I found it very sad to say goodbye to Indonesia, but had to admit, in many ways, it was a welcome change to be back on Australian soil.
I no longer have to struggle communicating with my smattering of Bahasa and google translate, and I took great delight in wandering around Coles drooling over the range of bacon, ham and cheeses, my purse no longer stuffed full of thousands and millions of rupiah, but nice clean crisp waterproof Australian dollars where I could buy lovely red wine and gin by the litre without feeling bankrupt – welcome to Australia!
This was my first time in the Northern Territory, but not for Daryl who has lived here before and wanted to show me around.

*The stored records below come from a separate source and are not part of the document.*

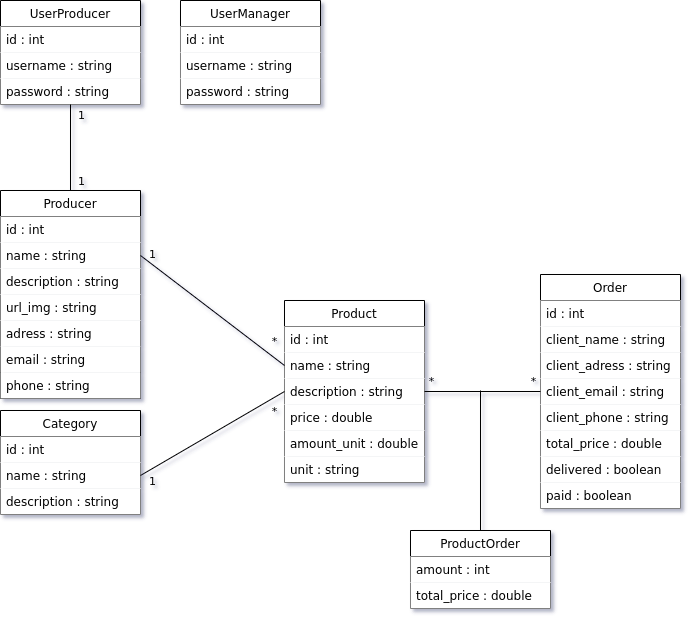

The diagram above was exported from draw.io. Its source (the exported page's mxGraphModel, read from the mxfile embedded in the PNG):
<mxGraphModel dx="1310" dy="1977" grid="1" gridSize="10" guides="1" tooltips="1" connect="1" arrows="1" fold="1" page="1" pageScale="1" pageWidth="827" pageHeight="1169" background="#292929" math="0" shadow="0">
  <root>
    <mxCell id="0" />
    <mxCell id="1" parent="0" />
    <mxCell id="k67S_a19nIuMjkr2xnzg-1" value="Product" style="swimlane;fontStyle=0;childLayout=stackLayout;horizontal=1;startSize=26;fillColor=default;horizontalStack=0;resizeParent=1;resizeParentMax=0;resizeLast=0;collapsible=1;marginBottom=0;fontColor=default;labelBackgroundColor=none;strokeColor=default;" parent="1" vertex="1">
      <mxGeometry x="344" y="230" width="140" height="182" as="geometry" />
    </mxCell>
    <mxCell id="k67S_a19nIuMjkr2xnzg-2" value="id : int" style="text;strokeColor=none;fillColor=default;align=left;verticalAlign=top;spacingLeft=4;spacingRight=4;overflow=hidden;rotatable=0;points=[[0,0.5],[1,0.5]];portConstraint=eastwest;fontColor=default;labelBackgroundColor=none;" parent="k67S_a19nIuMjkr2xnzg-1" vertex="1">
      <mxGeometry y="26" width="140" height="26" as="geometry" />
    </mxCell>
    <mxCell id="k67S_a19nIuMjkr2xnzg-3" value="name : string" style="text;strokeColor=none;fillColor=default;align=left;verticalAlign=top;spacingLeft=4;spacingRight=4;overflow=hidden;rotatable=0;points=[[0,0.5],[1,0.5]];portConstraint=eastwest;fontColor=default;labelBackgroundColor=none;" parent="k67S_a19nIuMjkr2xnzg-1" vertex="1">
      <mxGeometry y="52" width="140" height="26" as="geometry" />
    </mxCell>
    <mxCell id="k67S_a19nIuMjkr2xnzg-4" value="description : string" style="text;strokeColor=none;fillColor=default;align=left;verticalAlign=top;spacingLeft=4;spacingRight=4;overflow=hidden;rotatable=0;points=[[0,0.5],[1,0.5]];portConstraint=eastwest;fontColor=default;labelBackgroundColor=none;" parent="k67S_a19nIuMjkr2xnzg-1" vertex="1">
      <mxGeometry y="78" width="140" height="26" as="geometry" />
    </mxCell>
    <mxCell id="k67S_a19nIuMjkr2xnzg-5" value="price : double" style="text;strokeColor=none;fillColor=default;align=left;verticalAlign=top;spacingLeft=4;spacingRight=4;overflow=hidden;rotatable=0;points=[[0,0.5],[1,0.5]];portConstraint=eastwest;fontColor=default;labelBackgroundColor=none;" parent="k67S_a19nIuMjkr2xnzg-1" vertex="1">
      <mxGeometry y="104" width="140" height="26" as="geometry" />
    </mxCell>
    <mxCell id="psh8vlaNgwd_TpAHwz8M-44" value="amount_unit : double" style="text;strokeColor=none;fillColor=default;align=left;verticalAlign=top;spacingLeft=4;spacingRight=4;overflow=hidden;rotatable=0;points=[[0,0.5],[1,0.5]];portConstraint=eastwest;fontColor=default;labelBackgroundColor=none;" parent="k67S_a19nIuMjkr2xnzg-1" vertex="1">
      <mxGeometry y="130" width="140" height="26" as="geometry" />
    </mxCell>
    <mxCell id="psh8vlaNgwd_TpAHwz8M-45" value="unit : string" style="text;strokeColor=none;fillColor=default;align=left;verticalAlign=top;spacingLeft=4;spacingRight=4;overflow=hidden;rotatable=0;points=[[0,0.5],[1,0.5]];portConstraint=eastwest;fontColor=default;labelBackgroundColor=none;" parent="k67S_a19nIuMjkr2xnzg-1" vertex="1">
      <mxGeometry y="156" width="140" height="26" as="geometry" />
    </mxCell>
    <mxCell id="k67S_a19nIuMjkr2xnzg-6" value="Category" style="swimlane;fontStyle=0;childLayout=stackLayout;horizontal=1;startSize=26;fillColor=default;horizontalStack=0;resizeParent=1;resizeParentMax=0;resizeLast=0;collapsible=1;marginBottom=0;fontColor=default;labelBackgroundColor=none;strokeColor=default;" parent="1" vertex="1">
      <mxGeometry x="60" y="340" width="140" height="104" as="geometry" />
    </mxCell>
    <mxCell id="k67S_a19nIuMjkr2xnzg-7" value="id : int" style="text;strokeColor=none;fillColor=default;align=left;verticalAlign=top;spacingLeft=4;spacingRight=4;overflow=hidden;rotatable=0;points=[[0,0.5],[1,0.5]];portConstraint=eastwest;fontColor=default;labelBackgroundColor=none;" parent="k67S_a19nIuMjkr2xnzg-6" vertex="1">
      <mxGeometry y="26" width="140" height="26" as="geometry" />
    </mxCell>
    <mxCell id="k67S_a19nIuMjkr2xnzg-8" value="name : string" style="text;strokeColor=none;fillColor=default;align=left;verticalAlign=top;spacingLeft=4;spacingRight=4;overflow=hidden;rotatable=0;points=[[0,0.5],[1,0.5]];portConstraint=eastwest;fontColor=default;labelBackgroundColor=none;" parent="k67S_a19nIuMjkr2xnzg-6" vertex="1">
      <mxGeometry y="52" width="140" height="26" as="geometry" />
    </mxCell>
    <mxCell id="k67S_a19nIuMjkr2xnzg-9" value="description : string" style="text;strokeColor=none;fillColor=default;align=left;verticalAlign=top;spacingLeft=4;spacingRight=4;overflow=hidden;rotatable=0;points=[[0,0.5],[1,0.5]];portConstraint=eastwest;fontColor=default;labelBackgroundColor=none;" parent="k67S_a19nIuMjkr2xnzg-6" vertex="1">
      <mxGeometry y="78" width="140" height="26" as="geometry" />
    </mxCell>
    <mxCell id="k67S_a19nIuMjkr2xnzg-10" value="Producer" style="swimlane;fontStyle=0;childLayout=stackLayout;horizontal=1;startSize=26;fillColor=default;horizontalStack=0;resizeParent=1;resizeParentMax=0;resizeLast=0;collapsible=1;marginBottom=0;strokeColor=default;fontColor=default;labelBackgroundColor=none;" parent="1" vertex="1">
      <mxGeometry x="60" y="120" width="140" height="208" as="geometry">
        <mxRectangle x="120" y="90" width="90" height="26" as="alternateBounds" />
      </mxGeometry>
    </mxCell>
    <mxCell id="k67S_a19nIuMjkr2xnzg-11" value="id : int" style="text;strokeColor=none;fillColor=default;align=left;verticalAlign=top;spacingLeft=4;spacingRight=4;overflow=hidden;rotatable=0;points=[[0,0.5],[1,0.5]];portConstraint=eastwest;fontColor=default;labelBackgroundColor=none;" parent="k67S_a19nIuMjkr2xnzg-10" vertex="1">
      <mxGeometry y="26" width="140" height="26" as="geometry" />
    </mxCell>
    <mxCell id="k67S_a19nIuMjkr2xnzg-12" value="name : string" style="text;strokeColor=none;fillColor=default;align=left;verticalAlign=top;spacingLeft=4;spacingRight=4;overflow=hidden;rotatable=0;points=[[0,0.5],[1,0.5]];portConstraint=eastwest;fontColor=default;labelBackgroundColor=none;" parent="k67S_a19nIuMjkr2xnzg-10" vertex="1">
      <mxGeometry y="52" width="140" height="26" as="geometry" />
    </mxCell>
    <mxCell id="psh8vlaNgwd_TpAHwz8M-82" value="description : string" style="text;strokeColor=none;fillColor=default;align=left;verticalAlign=top;spacingLeft=4;spacingRight=4;overflow=hidden;rotatable=0;points=[[0,0.5],[1,0.5]];portConstraint=eastwest;fontColor=default;labelBackgroundColor=none;" parent="k67S_a19nIuMjkr2xnzg-10" vertex="1">
      <mxGeometry y="78" width="140" height="26" as="geometry" />
    </mxCell>
    <mxCell id="psh8vlaNgwd_TpAHwz8M-50" value="url_img : string" style="text;strokeColor=none;fillColor=default;align=left;verticalAlign=top;spacingLeft=4;spacingRight=4;overflow=hidden;rotatable=0;points=[[0,0.5],[1,0.5]];portConstraint=eastwest;fontColor=default;labelBackgroundColor=none;" parent="k67S_a19nIuMjkr2xnzg-10" vertex="1">
      <mxGeometry y="104" width="140" height="26" as="geometry" />
    </mxCell>
    <mxCell id="k67S_a19nIuMjkr2xnzg-13" value="adress : string" style="text;strokeColor=none;fillColor=default;align=left;verticalAlign=top;spacingLeft=4;spacingRight=4;overflow=hidden;rotatable=0;points=[[0,0.5],[1,0.5]];portConstraint=eastwest;fontColor=default;labelBackgroundColor=none;" parent="k67S_a19nIuMjkr2xnzg-10" vertex="1">
      <mxGeometry y="130" width="140" height="26" as="geometry" />
    </mxCell>
    <mxCell id="k67S_a19nIuMjkr2xnzg-14" value="email : string" style="text;strokeColor=none;fillColor=default;align=left;verticalAlign=top;spacingLeft=4;spacingRight=4;overflow=hidden;rotatable=0;points=[[0,0.5],[1,0.5]];portConstraint=eastwest;fontColor=default;labelBackgroundColor=none;" parent="k67S_a19nIuMjkr2xnzg-10" vertex="1">
      <mxGeometry y="156" width="140" height="26" as="geometry" />
    </mxCell>
    <mxCell id="psh8vlaNgwd_TpAHwz8M-51" value="phone : string" style="text;strokeColor=none;fillColor=default;align=left;verticalAlign=top;spacingLeft=4;spacingRight=4;overflow=hidden;rotatable=0;points=[[0,0.5],[1,0.5]];portConstraint=eastwest;fontColor=default;labelBackgroundColor=none;" parent="k67S_a19nIuMjkr2xnzg-10" vertex="1">
      <mxGeometry y="182" width="140" height="26" as="geometry" />
    </mxCell>
    <mxCell id="psh8vlaNgwd_TpAHwz8M-1" value="" style="endArrow=none;rounded=0;labelBackgroundColor=none;fontColor=default;strokeColor=#000000;exitX=1;exitY=0.5;exitDx=0;exitDy=0;entryX=0;entryY=0.5;entryDx=0;entryDy=0;html=1;" parent="1" source="k67S_a19nIuMjkr2xnzg-12" target="k67S_a19nIuMjkr2xnzg-3" edge="1">
      <mxGeometry width="50" height="50" relative="1" as="geometry">
        <mxPoint x="340" y="220" as="sourcePoint" />
        <mxPoint x="390" y="170" as="targetPoint" />
      </mxGeometry>
    </mxCell>
    <mxCell id="psh8vlaNgwd_TpAHwz8M-2" value="1" style="edgeLabel;html=1;align=center;verticalAlign=middle;resizable=0;points=[];fontColor=default;labelBackgroundColor=none;" parent="psh8vlaNgwd_TpAHwz8M-1" vertex="1" connectable="0">
      <mxGeometry x="-0.2004" relative="1" as="geometry">
        <mxPoint x="-46" y="-45" as="offset" />
      </mxGeometry>
    </mxCell>
    <mxCell id="psh8vlaNgwd_TpAHwz8M-3" value="*" style="edgeLabel;html=1;align=center;verticalAlign=middle;resizable=0;points=[];fontColor=default;labelBackgroundColor=none;" parent="psh8vlaNgwd_TpAHwz8M-1" vertex="1" connectable="0">
      <mxGeometry x="0.5239" relative="1" as="geometry">
        <mxPoint x="24" y="2" as="offset" />
      </mxGeometry>
    </mxCell>
    <mxCell id="psh8vlaNgwd_TpAHwz8M-4" value="" style="endArrow=none;rounded=0;labelBackgroundColor=none;fontColor=default;strokeColor=#000000;exitX=1;exitY=0.5;exitDx=0;exitDy=0;entryX=0;entryY=0.5;entryDx=0;entryDy=0;html=1;" parent="1" source="k67S_a19nIuMjkr2xnzg-8" target="k67S_a19nIuMjkr2xnzg-4" edge="1">
      <mxGeometry width="50" height="50" relative="1" as="geometry">
        <mxPoint x="200" y="205" as="sourcePoint" />
        <mxPoint x="330" y="300" as="targetPoint" />
      </mxGeometry>
    </mxCell>
    <mxCell id="psh8vlaNgwd_TpAHwz8M-5" value="1" style="edgeLabel;html=1;align=center;verticalAlign=middle;resizable=0;points=[];fontColor=default;labelBackgroundColor=none;" parent="psh8vlaNgwd_TpAHwz8M-4" vertex="1" connectable="0">
      <mxGeometry x="-0.2004" relative="1" as="geometry">
        <mxPoint x="-46" y="39" as="offset" />
      </mxGeometry>
    </mxCell>
    <mxCell id="psh8vlaNgwd_TpAHwz8M-6" value="*" style="edgeLabel;html=1;align=center;verticalAlign=middle;resizable=0;points=[];fontColor=default;labelBackgroundColor=none;" parent="psh8vlaNgwd_TpAHwz8M-4" vertex="1" connectable="0">
      <mxGeometry x="0.5239" relative="1" as="geometry">
        <mxPoint x="24" y="-1" as="offset" />
      </mxGeometry>
    </mxCell>
    <mxCell id="k67S_a19nIuMjkr2xnzg-15" value="Order" style="swimlane;fontStyle=0;childLayout=stackLayout;horizontal=1;startSize=26;fillColor=default;horizontalStack=0;resizeParent=1;resizeParentMax=0;resizeLast=0;collapsible=1;marginBottom=0;fontColor=default;labelBackgroundColor=none;strokeColor=default;" parent="1" vertex="1">
      <mxGeometry x="600" y="204" width="140" height="234" as="geometry" />
    </mxCell>
    <mxCell id="k67S_a19nIuMjkr2xnzg-16" value="id : int" style="text;strokeColor=none;fillColor=default;align=left;verticalAlign=top;spacingLeft=4;spacingRight=4;overflow=hidden;rotatable=0;points=[[0,0.5],[1,0.5]];portConstraint=eastwest;fontColor=default;labelBackgroundColor=none;" parent="k67S_a19nIuMjkr2xnzg-15" vertex="1">
      <mxGeometry y="26" width="140" height="26" as="geometry" />
    </mxCell>
    <mxCell id="k67S_a19nIuMjkr2xnzg-17" value="client_name : string" style="text;strokeColor=none;fillColor=default;align=left;verticalAlign=top;spacingLeft=4;spacingRight=4;overflow=hidden;rotatable=0;points=[[0,0.5],[1,0.5]];portConstraint=eastwest;fontColor=default;labelBackgroundColor=none;" parent="k67S_a19nIuMjkr2xnzg-15" vertex="1">
      <mxGeometry y="52" width="140" height="26" as="geometry" />
    </mxCell>
    <mxCell id="psh8vlaNgwd_TpAHwz8M-49" value="client_adress : string" style="text;strokeColor=none;fillColor=default;align=left;verticalAlign=top;spacingLeft=4;spacingRight=4;overflow=hidden;rotatable=0;points=[[0,0.5],[1,0.5]];portConstraint=eastwest;fontColor=default;labelBackgroundColor=none;" parent="k67S_a19nIuMjkr2xnzg-15" vertex="1">
      <mxGeometry y="78" width="140" height="26" as="geometry" />
    </mxCell>
    <mxCell id="k67S_a19nIuMjkr2xnzg-18" value="client_email : string" style="text;strokeColor=none;fillColor=default;align=left;verticalAlign=top;spacingLeft=4;spacingRight=4;overflow=hidden;rotatable=0;points=[[0,0.5],[1,0.5]];portConstraint=eastwest;fontColor=default;labelBackgroundColor=none;" parent="k67S_a19nIuMjkr2xnzg-15" vertex="1">
      <mxGeometry y="104" width="140" height="26" as="geometry" />
    </mxCell>
    <mxCell id="k67S_a19nIuMjkr2xnzg-19" value="client_phone : string" style="text;strokeColor=none;fillColor=default;align=left;verticalAlign=top;spacingLeft=4;spacingRight=4;overflow=hidden;rotatable=0;points=[[0,0.5],[1,0.5]];portConstraint=eastwest;fontColor=default;labelBackgroundColor=none;" parent="k67S_a19nIuMjkr2xnzg-15" vertex="1">
      <mxGeometry y="130" width="140" height="26" as="geometry" />
    </mxCell>
    <mxCell id="k67S_a19nIuMjkr2xnzg-20" value="total_price : double" style="text;strokeColor=none;fillColor=default;align=left;verticalAlign=top;spacingLeft=4;spacingRight=4;overflow=hidden;rotatable=0;points=[[0,0.5],[1,0.5]];portConstraint=eastwest;fontColor=default;labelBackgroundColor=none;" parent="k67S_a19nIuMjkr2xnzg-15" vertex="1">
      <mxGeometry y="156" width="140" height="26" as="geometry" />
    </mxCell>
    <mxCell id="psh8vlaNgwd_TpAHwz8M-42" value="delivered : boolean" style="text;strokeColor=none;fillColor=default;align=left;verticalAlign=top;spacingLeft=4;spacingRight=4;overflow=hidden;rotatable=0;points=[[0,0.5],[1,0.5]];portConstraint=eastwest;fontColor=default;labelBackgroundColor=none;" parent="k67S_a19nIuMjkr2xnzg-15" vertex="1">
      <mxGeometry y="182" width="140" height="26" as="geometry" />
    </mxCell>
    <mxCell id="psh8vlaNgwd_TpAHwz8M-63" value="paid : boolean" style="text;strokeColor=none;fillColor=default;align=left;verticalAlign=top;spacingLeft=4;spacingRight=4;overflow=hidden;rotatable=0;points=[[0,0.5],[1,0.5]];portConstraint=eastwest;fontColor=default;labelBackgroundColor=none;" parent="k67S_a19nIuMjkr2xnzg-15" vertex="1">
      <mxGeometry y="208" width="140" height="26" as="geometry" />
    </mxCell>
    <mxCell id="psh8vlaNgwd_TpAHwz8M-46" value="" style="endArrow=none;rounded=0;labelBackgroundColor=none;fontColor=default;strokeColor=#000000;exitX=1;exitY=0.5;exitDx=0;exitDy=0;entryX=0;entryY=0.5;entryDx=0;entryDy=0;html=1;" parent="1" source="k67S_a19nIuMjkr2xnzg-4" target="k67S_a19nIuMjkr2xnzg-18" edge="1">
      <mxGeometry width="50" height="50" relative="1" as="geometry">
        <mxPoint x="450" y="270" as="sourcePoint" />
        <mxPoint x="594" y="340" as="targetPoint" />
      </mxGeometry>
    </mxCell>
    <mxCell id="psh8vlaNgwd_TpAHwz8M-47" value="*" style="edgeLabel;html=1;align=center;verticalAlign=middle;resizable=0;points=[];fontColor=default;labelBackgroundColor=none;" parent="psh8vlaNgwd_TpAHwz8M-46" vertex="1" connectable="0">
      <mxGeometry x="-0.2004" relative="1" as="geometry">
        <mxPoint x="-40" y="-11" as="offset" />
      </mxGeometry>
    </mxCell>
    <mxCell id="psh8vlaNgwd_TpAHwz8M-48" value="*" style="edgeLabel;html=1;align=center;verticalAlign=middle;resizable=0;points=[];fontColor=default;labelBackgroundColor=none;" parent="psh8vlaNgwd_TpAHwz8M-46" vertex="1" connectable="0">
      <mxGeometry x="0.5239" relative="1" as="geometry">
        <mxPoint x="20" y="-11" as="offset" />
      </mxGeometry>
    </mxCell>
    <mxCell id="psh8vlaNgwd_TpAHwz8M-56" value="UserProducer" style="swimlane;fontStyle=0;childLayout=stackLayout;horizontal=1;startSize=26;fillColor=default;horizontalStack=0;resizeParent=1;resizeParentMax=0;resizeLast=0;collapsible=1;marginBottom=0;fontColor=default;labelBackgroundColor=none;strokeColor=default;" parent="1" vertex="1">
      <mxGeometry x="60" y="-70" width="140" height="104" as="geometry" />
    </mxCell>
    <mxCell id="psh8vlaNgwd_TpAHwz8M-57" value="id : int" style="text;strokeColor=none;fillColor=default;align=left;verticalAlign=top;spacingLeft=4;spacingRight=4;overflow=hidden;rotatable=0;points=[[0,0.5],[1,0.5]];portConstraint=eastwest;fontColor=default;labelBackgroundColor=none;" parent="psh8vlaNgwd_TpAHwz8M-56" vertex="1">
      <mxGeometry y="26" width="140" height="26" as="geometry" />
    </mxCell>
    <mxCell id="psh8vlaNgwd_TpAHwz8M-58" value="username : string" style="text;strokeColor=none;fillColor=default;align=left;verticalAlign=top;spacingLeft=4;spacingRight=4;overflow=hidden;rotatable=0;points=[[0,0.5],[1,0.5]];portConstraint=eastwest;fontColor=default;labelBackgroundColor=none;" parent="psh8vlaNgwd_TpAHwz8M-56" vertex="1">
      <mxGeometry y="52" width="140" height="26" as="geometry" />
    </mxCell>
    <mxCell id="psh8vlaNgwd_TpAHwz8M-62" value="password : string" style="text;strokeColor=none;fillColor=default;align=left;verticalAlign=top;spacingLeft=4;spacingRight=4;overflow=hidden;rotatable=0;points=[[0,0.5],[1,0.5]];portConstraint=eastwest;fontColor=default;labelBackgroundColor=none;" parent="psh8vlaNgwd_TpAHwz8M-56" vertex="1">
      <mxGeometry y="78" width="140" height="26" as="geometry" />
    </mxCell>
    <mxCell id="psh8vlaNgwd_TpAHwz8M-64" value="" style="endArrow=none;rounded=0;labelBackgroundColor=none;fontColor=default;strokeColor=#000000;entryX=0.5;entryY=0;entryDx=0;entryDy=0;exitX=0.5;exitY=1;exitDx=0;exitDy=0;html=1;" parent="1" source="psh8vlaNgwd_TpAHwz8M-56" target="k67S_a19nIuMjkr2xnzg-10" edge="1">
      <mxGeometry width="50" height="50" relative="1" as="geometry">
        <mxPoint x="120" y="50" as="sourcePoint" />
        <mxPoint x="274" y="170" as="targetPoint" />
      </mxGeometry>
    </mxCell>
    <mxCell id="psh8vlaNgwd_TpAHwz8M-65" value="1" style="edgeLabel;html=1;align=center;verticalAlign=middle;resizable=0;points=[];fontColor=default;labelBackgroundColor=none;" parent="psh8vlaNgwd_TpAHwz8M-64" vertex="1" connectable="0">
      <mxGeometry x="-0.2004" relative="1" as="geometry">
        <mxPoint x="10" y="-24" as="offset" />
      </mxGeometry>
    </mxCell>
    <mxCell id="psh8vlaNgwd_TpAHwz8M-66" value="1" style="edgeLabel;html=1;align=center;verticalAlign=middle;resizable=0;points=[];fontColor=default;labelBackgroundColor=none;" parent="psh8vlaNgwd_TpAHwz8M-64" vertex="1" connectable="0">
      <mxGeometry x="0.5239" relative="1" as="geometry">
        <mxPoint x="10" y="10" as="offset" />
      </mxGeometry>
    </mxCell>
    <mxCell id="psh8vlaNgwd_TpAHwz8M-67" value="UserManager" style="swimlane;fontStyle=0;childLayout=stackLayout;horizontal=1;startSize=26;fillColor=default;horizontalStack=0;resizeParent=1;resizeParentMax=0;resizeLast=0;collapsible=1;marginBottom=0;fontColor=default;labelBackgroundColor=none;strokeColor=default;" parent="1" vertex="1">
      <mxGeometry x="240" y="-70" width="140" height="104" as="geometry" />
    </mxCell>
    <mxCell id="psh8vlaNgwd_TpAHwz8M-68" value="id : int" style="text;strokeColor=none;fillColor=default;align=left;verticalAlign=top;spacingLeft=4;spacingRight=4;overflow=hidden;rotatable=0;points=[[0,0.5],[1,0.5]];portConstraint=eastwest;fontColor=default;labelBackgroundColor=none;" parent="psh8vlaNgwd_TpAHwz8M-67" vertex="1">
      <mxGeometry y="26" width="140" height="26" as="geometry" />
    </mxCell>
    <mxCell id="psh8vlaNgwd_TpAHwz8M-69" value="username : string" style="text;strokeColor=none;fillColor=default;align=left;verticalAlign=top;spacingLeft=4;spacingRight=4;overflow=hidden;rotatable=0;points=[[0,0.5],[1,0.5]];portConstraint=eastwest;fontColor=default;labelBackgroundColor=none;" parent="psh8vlaNgwd_TpAHwz8M-67" vertex="1">
      <mxGeometry y="52" width="140" height="26" as="geometry" />
    </mxCell>
    <mxCell id="psh8vlaNgwd_TpAHwz8M-70" value="password : string" style="text;strokeColor=none;fillColor=default;align=left;verticalAlign=top;spacingLeft=4;spacingRight=4;overflow=hidden;rotatable=0;points=[[0,0.5],[1,0.5]];portConstraint=eastwest;fontColor=default;labelBackgroundColor=none;" parent="psh8vlaNgwd_TpAHwz8M-67" vertex="1">
      <mxGeometry y="78" width="140" height="26" as="geometry" />
    </mxCell>
    <mxCell id="psh8vlaNgwd_TpAHwz8M-81" value="" style="edgeStyle=orthogonalEdgeStyle;rounded=0;orthogonalLoop=1;jettySize=auto;labelBackgroundColor=none;fontColor=default;strokeColor=#000000;endArrow=none;endFill=0;html=1;" parent="1" source="psh8vlaNgwd_TpAHwz8M-73" edge="1">
      <mxGeometry relative="1" as="geometry">
        <mxPoint x="540" y="320" as="targetPoint" />
      </mxGeometry>
    </mxCell>
    <mxCell id="psh8vlaNgwd_TpAHwz8M-73" value="ProductOrder" style="swimlane;fontStyle=0;childLayout=stackLayout;horizontal=1;startSize=26;fillColor=default;horizontalStack=0;resizeParent=1;resizeParentMax=0;resizeLast=0;collapsible=1;marginBottom=0;fontColor=default;labelBackgroundColor=none;strokeColor=default;" parent="1" vertex="1">
      <mxGeometry x="470" y="460" width="140" height="78" as="geometry" />
    </mxCell>
    <mxCell id="psh8vlaNgwd_TpAHwz8M-79" value="amount : int" style="text;strokeColor=none;fillColor=default;align=left;verticalAlign=top;spacingLeft=4;spacingRight=4;overflow=hidden;rotatable=0;points=[[0,0.5],[1,0.5]];portConstraint=eastwest;fontColor=default;labelBackgroundColor=none;" parent="psh8vlaNgwd_TpAHwz8M-73" vertex="1">
      <mxGeometry y="26" width="140" height="26" as="geometry" />
    </mxCell>
    <mxCell id="psh8vlaNgwd_TpAHwz8M-80" value="total_price : double" style="text;strokeColor=none;fillColor=default;align=left;verticalAlign=top;spacingLeft=4;spacingRight=4;overflow=hidden;rotatable=0;points=[[0,0.5],[1,0.5]];portConstraint=eastwest;fontColor=default;labelBackgroundColor=none;" parent="psh8vlaNgwd_TpAHwz8M-73" vertex="1">
      <mxGeometry y="52" width="140" height="26" as="geometry" />
    </mxCell>
  </root>
</mxGraphModel>

He hired a car and spent a day giving me a tour of the finest outlets of motor spares the state could offer. Joking aside, we did have a considerable amount of boat maintenance to catch up on and Daryl was in seventh heaven with the retail range available to him having been in Asia for so long. I helped him change the oil in both the engines,
did some tidying up and was rewarded with a tour of the area and lunch and a beer in the “Humpty Doo Hotel” – yes, that is really the name, sweet eh!
This place seemed to hold many fond memories for Daryl, he has clearly spent some special moments here eating crocodile burgers and watching the local Hells Angels gangs meet up and compare bikes. I enjoyed my croc burger and checked out the local talent
My dear “Dive Goddess” friend Sonya asked me “What do you call a sexy man in Darwin” The answer of course is “A Visitor”!! Cheers for that Sonya, think you might be right!
Classy folk in NT
This was dry season in The Northern Territory, and still enjoyable temperatures
Residents of the Northern Territory are often known simply as ‘Territorians’, or more informally as ‘Top Enders’ and ‘Centralians’. Its a tough place in many ways, not somewhere I would choose to make my home, but I was keen to explore the local countryside. The Northern Territory is massive, covering an area of over 1,349,129 square kilometres (five times the size of Great Britain), yet it has a sparse population of 233,300, (less than the population of Wolverhampton!)
The Territory is home to 400 species of birds, 150 mammals, 300 reptiles, 50 frogs, 60 species of freshwater fish and several hundred species of marine fish and of course some of the scariest creatures on this earth
Crocodiles, the most famous of the Territory’s creatures, can be seen in most rivers and billabongs in the Top End or at the wildlife parks around Darwin. There is almost a one-to-one ratio of crocs to humans in the North, a sobering thought as you travel through.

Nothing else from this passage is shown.